Martyr
- Born: c. 1571 Hampshire
- Died: 7 July 1591 (aged 19 - 20) Winchester, Hampshire, U.K.
- Venerated in: Roman Catholic Church
- Beatified: 15 December 1929 by Pope Pius XI
- Feast: 7 July

= Laurence Humphreys =

English Catholic martyr (1571–1591)

Laurence Humphreys (1571 – 7 July 1591) was an English Catholic martyr. He was born in Hampshire, into a Protestant family.

In his youth, he often read the Bible and other religious works and practiced the Corporal and Spiritual Works of Mercy by visiting the sick and those in prison, as well as teaching others about the faith. When he was eighteen years of age, he met several times with the local priest, who persuaded him to convert to Roman Catholicism.

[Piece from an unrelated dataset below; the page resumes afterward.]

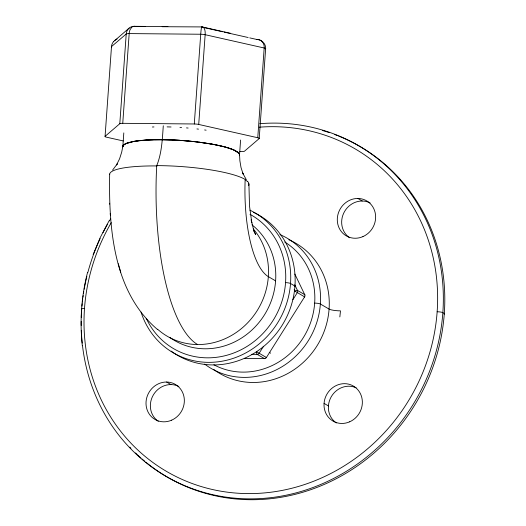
<?xml version="1.0" encoding="UTF-8"?>
<svg xmlns="http://www.w3.org/2000/svg" width="526" height="526" viewBox="0 0 526 526"><rect width="100%" height="100%" fill="white"/><g stroke="black" fill="none" stroke-linecap="round" stroke-linejoin="round"><path stroke-width="0.79" d="M248.923 184.212L249.521 206.08L251.796 222.735L251.172 219.743L253.302 228.619M109.664 174.047C108.691 227.916 113.195 291.785 157.327 329.355M122.814 146.826L123.807 132.907M123.262 140.955L106.508 137.181A4.504 0.789 4.1 0 1 105.069 136.339L111.499 46.597A8.764 8.587 -26.1 0 1 113.478 41.712M105.069 136.339L119.796 123.715L126.227 33.98A8.758 7.732 74.5 0 1 128.035 29.232L129.83 27.589A9.619 8.495 74.5 0 1 135.195 26.471L145.498 26.563M119.796 123.715A4.504 0.789 4.1 0 1 122.749 123.321L129.186 33.585A8.718 5.023 86.9 0 1 130.146 29.561L131.684 27.339A9.619 5.543 86.9 0 1 135.195 26.471L133.867 26.32M163.29 125.786C162.324 139.199 161.837 153.073 156.715 165.71A159.812 52.778 -89.5 0 0 197.572 344.537M122.749 123.321L194.291 123.978L200.722 34.243A8.718 0.506 -86.5 0 1 201.083 30.219L201.451 27.602A9.659 0.565 -86.5 0 1 201.793 27.082A9.619 3.932 -81.3 0 1 204.154 28.266L204.811 29.936A8.758 3.583 -81.3 0 1 205.153 34.703L198.716 124.445L257.76 137.74A4.504 0.789 4.1 0 1 259.2 138.581L244.472 151.199A4.504 0.789 4.1 0 1 241.513 151.6L239.889 151.58M239.554 154.618L240.599 140.015M257.76 137.74L264.19 48.004A8.764 7.206 -71 0 0 263.184 43.086L261.757 41.245A9.593 7.89 -71 0 0 256.964 39.509L249.765 37.885M259.2 138.581L265.63 48.846A8.764 8.587 -26.1 0 0 264.368 43.783L263.868 43.053M246.332 179.714L242.611 172.922L243.13 174.047L241.013 167.531L239.863 160.647L239.547 154.414L239.067 153.375L234.32 150.147L225.003 146.964L211.912 144.104L196.172 141.816L179.142 140.291L162.284 139.673L147.056 140.001L134.768 141.251L126.477 143.315L123.538 145.064L122.841 146.754L123.367 145.327M239.468 155.42L239.547 154.414M339.842 316.922L340.486 310.873A9.001 1.578 4.1 0 1 329.085 309.091L320.367 303.995A4.504 0.789 4.1 0 0 314.666 303.108M122.9 146.024L121.697 152.145L119.58 158.793L116.548 164.94L117.245 163.902L112.597 170.089M87.546 272.448C81.392 296.302 79.663 321.149 82.306 345.621M93.128 254.637L100.328 237.364L109.086 220.795M263.559 346.246L259.127 353.281A2.249 2.084 -59.7 0 1 257.207 354.366L251.711 354.32M292.89 299.669L297.321 292.634A2.249 2.091 -59.7 0 0 297.479 290.424L294.751 284.737M162.153 26.714L201.912 26.925M113.471 41.705L129.179 28.062M114.74 40.436L115.464 39.897A9.593 9.396 -26.1 0 1 117.042 39.036M123.432 145.222L125.287 143.894M201.793 27.076L202.122 26.944M125.622 143.73L133.111 141.56M133.749 141.441L139.153 140.666M139.594 140.62L145.834 140.087M146.313 140.054L153.474 139.752M154.46 139.725L170.555 139.877M134.156 26.3L167.912 26.609M244.846 358.436L264.473 358.62A2.249 0.743 -89.5 0 0 264.861 358.535M171.654 139.916L180.096 140.363M257.852 39.595A9.593 9.396 -26.1 0 0 256.964 39.509L258.529 39.628M180.707 140.409L189.012 141.073M133.729 26.339L135.195 26.464M256.964 39.503L258.601 39.66M189.616 141.132L197.888 142.033M198.953 142.165L214.227 144.545M215.141 144.722L221.676 146.129M202.543 27.01L230.506 33.309M202.595 27.26L220.184 31.218M220.986 31.402L222.583 31.764M224.181 32.119L248.167 37.524M222.103 146.235L227.6 147.714M227.982 147.826L232.518 149.404M233.031 149.614L238.534 152.836M357.89 198.46L362.25 201.011M275.604 280.877L268.339 276.623A90.031 29.732 -89.5 0 1 245.142 179.787L247.207 181.279M269.24 352.367L270.634 353.176M324.069 403.383L328.428 405.934M166.604 382.027L170.963 384.578M294.152 289.668L294.836 291.088L304.718 296.953L304.337 296.69M266.143 357.338L266.518 357.595L256.642 351.736A2.249 0.743 -89.5 0 0 257.207 354.366L264.473 358.62A2.249 2.084 -59.7 0 0 266.393 357.529L304.587 296.881A2.249 2.091 -59.7 0 0 304.745 294.672L294.836 274.059M262.658 41.771L263.296 42.382M238.738 153.04L239.534 154.585M253.512 230.243L255.715 234.655L254.36 231.782M253.354 229.204L254.564 232.564M118.271 263.723L120.724 272.12M109.632 203.207L109.697 204.173M110.217 213.471L110.315 215.035M249.995 214.312A77.276 71.674 -59.7 0 1 261.619 334.825A77.276 71.674 -59.7 0 1 146.254 318.315M285.552 282.613A4.504 0.789 4.1 0 1 290.523 283.488L294.941 286.072A4.504 0.789 4.1 0 1 294.724 286.663M251.967 224.826A69.774 64.711 -59.7 0 1 261.455 319.289A69.774 64.711 -59.7 0 1 169.826 337.449M249.916 210.163A81.03 75.152 -59.7 0 1 263.329 340.269A81.03 75.152 -59.7 0 1 141.047 312.102M253.624 212.412A81.03 75.152 -59.7 0 1 283.021 323.838A81.03 75.152 -59.7 0 1 171.193 351.105M253.295 228.889A69.774 64.711 -59.7 0 1 247.884 322.583A69.774 64.711 -59.7 0 1 157.576 329.21M248.719 183.482A71.904 13.591 2.9 0 1 248.66 185.632M247.411 181.279A70.859 13.413 2.5 0 1 248.857 183.489M156.557 165.618A69.899 12.848 3.9 0 1 245.688 179.787M109.671 174.665A69.899 12.394 4.1 0 1 157.083 165.933M122.847 146.287A58.524 10.264 4.1 0 1 184.869 140.712A58.524 10.264 4.1 0 1 239.323 155.676M258.733 39.766A9.593 9.396 -26.1 0 1 261.961 41.225M111.663 47.018A4.504 0.789 4.1 0 1 111.499 46.597L126.227 33.98A4.504 0.789 4.1 0 1 129.186 33.585L200.722 34.243A4.504 0.789 4.1 0 1 205.153 34.703L264.19 48.004A4.504 0.789 4.1 0 1 265.63 48.846M194.291 123.978A4.504 0.789 4.1 0 1 198.716 124.445M152.382 127.003A56.269 9.869 4.1 0 1 153.96 126.944M167.09 126.884A56.269 9.869 4.1 0 1 171.055 126.99M179.964 127.424A56.269 9.869 4.1 0 1 181.595 127.529M186.493 127.897A56.269 9.869 4.1 0 1 188.117 128.042M196.934 128.942A56.269 9.869 4.1 0 1 198.506 129.133M204.627 129.961A56.269 9.869 4.1 0 1 206.113 130.178M294.836 291.088A2.249 0.717 -25.7 0 1 297.479 290.424L304.745 294.672A2.249 0.717 -25.7 0 1 304.85 295.033M284.711 241.993A70.898 65.757 -59.7 0 1 304.738 335.286A70.898 65.757 -59.7 0 1 213.891 364.781M279.911 234.557A75.402 69.932 -59.7 0 1 309.669 338.461A75.402 69.932 -59.7 0 1 204.621 364.077M288.853 239.751A75.402 69.932 -59.7 0 1 318.467 343.425A75.402 69.932 -59.7 0 1 213.76 369.489M338.56 136.03A191.319 177.44 -59.7 0 1 416.414 402.239A191.319 177.44 -59.7 0 1 145.807 462.137M144.558 461.105A191.319 177.44 -59.7 0 1 142.086 458.994M140.869 457.916A191.319 177.44 -59.7 0 1 137.865 455.187M137.273 454.628A191.319 177.44 -59.7 0 1 135.511 452.945M130.921 448.316A191.319 177.44 -59.7 0 1 129.804 447.133M322.431 130.494A191.319 177.44 -59.7 0 1 329.421 132.664M334.779 134.564A191.319 177.44 -59.7 0 1 337.054 135.432M444.089 314.088A4.504 0.789 4.1 0 0 444.306 313.496L442.853 312.648A4.504 0.789 4.1 0 0 437.152 311.76M259.798 123.695A191.319 177.44 -59.7 0 1 443.135 289.55A191.319 177.44 -59.7 0 1 277.439 496.774A191.319 177.44 -59.7 0 1 82.477 345.47M82.214 343.083A191.319 177.44 -59.7 0 1 81.32 330.289M81.208 325.462A191.319 177.44 -59.7 0 1 81.201 321.432M81.28 317.402A191.319 177.44 -59.7 0 1 81.694 309.327A4.504 0.789 4.1 0 1 84.489 308.519M81.951 306.099A191.319 177.44 -59.7 0 1 82.181 303.68M82.352 302.062A191.319 177.44 -59.7 0 1 82.727 298.84M82.937 297.229A191.319 177.44 -59.7 0 1 83.161 295.619M83.516 293.206A191.319 177.44 -59.7 0 1 83.772 291.601M84.18 289.188A191.319 177.44 -59.7 0 1 85.409 282.791M85.58 281.989A191.319 177.44 -59.7 0 1 86.849 276.42M87.855 272.461A191.319 177.44 -59.7 0 1 93.234 255.274M93.51 254.505A191.319 177.44 -59.7 0 1 100.118 238.58M102.984 232.663A191.319 177.44 -59.7 0 1 107.455 224.286M109.388 220.92A191.319 177.44 -59.7 0 1 110.585 218.915M259.2 127.193A186.822 173.264 -59.7 0 1 434.732 331.354A186.822 173.264 -59.7 0 1 196.52 485.044A186.822 173.264 -59.7 0 1 111.275 222.63M158.319 421.333A20.258 18.785 -59.7 0 1 153.349 394.934A20.258 18.785 -59.7 0 1 178.833 386.478M349.612 237.765A20.258 18.785 -59.7 0 1 344.635 211.373A20.258 18.785 -59.7 0 1 370.12 202.911M336.338 422.97A20.258 18.785 -59.7 0 1 331.156 396.92A20.258 18.785 -59.7 0 1 356.174 387.793M171.654 420.169A20.258 18.785 -59.7 0 0 177.571 385.933A20.258 18.785 -59.7 0 0 146.313 399.668A20.258 18.785 -59.7 0 0 171.654 420.169M362.94 236.601A20.258 18.785 -59.7 0 0 368.857 202.365A20.258 18.785 -59.7 0 0 337.6 216.101A20.258 18.785 -59.7 0 0 362.94 236.601M349.665 421.806A20.258 18.785 -59.7 0 0 355.583 387.57A20.258 18.785 -59.7 0 0 324.325 401.305A20.258 18.785 -59.7 0 0 349.665 421.806"/></g></svg>

In 1591 he became seriously ill, and while delirious called Queen Elizabeth a harlot and a heretic while in this state. These words were overheard, and before he had completely recovered he was arrested and committed to Winchester jail. At his trial, he claimed to have no recollection of saying such things about the queen, but he did not dispute the evidence placed before him and was willing to be punished because of his actions of which he had no memory. He was later condemned and executed at the Barditch (or City Ditch).

Laurence Humphreys was beatified by Pope Pius XI in 1929. His feast day is 7 July.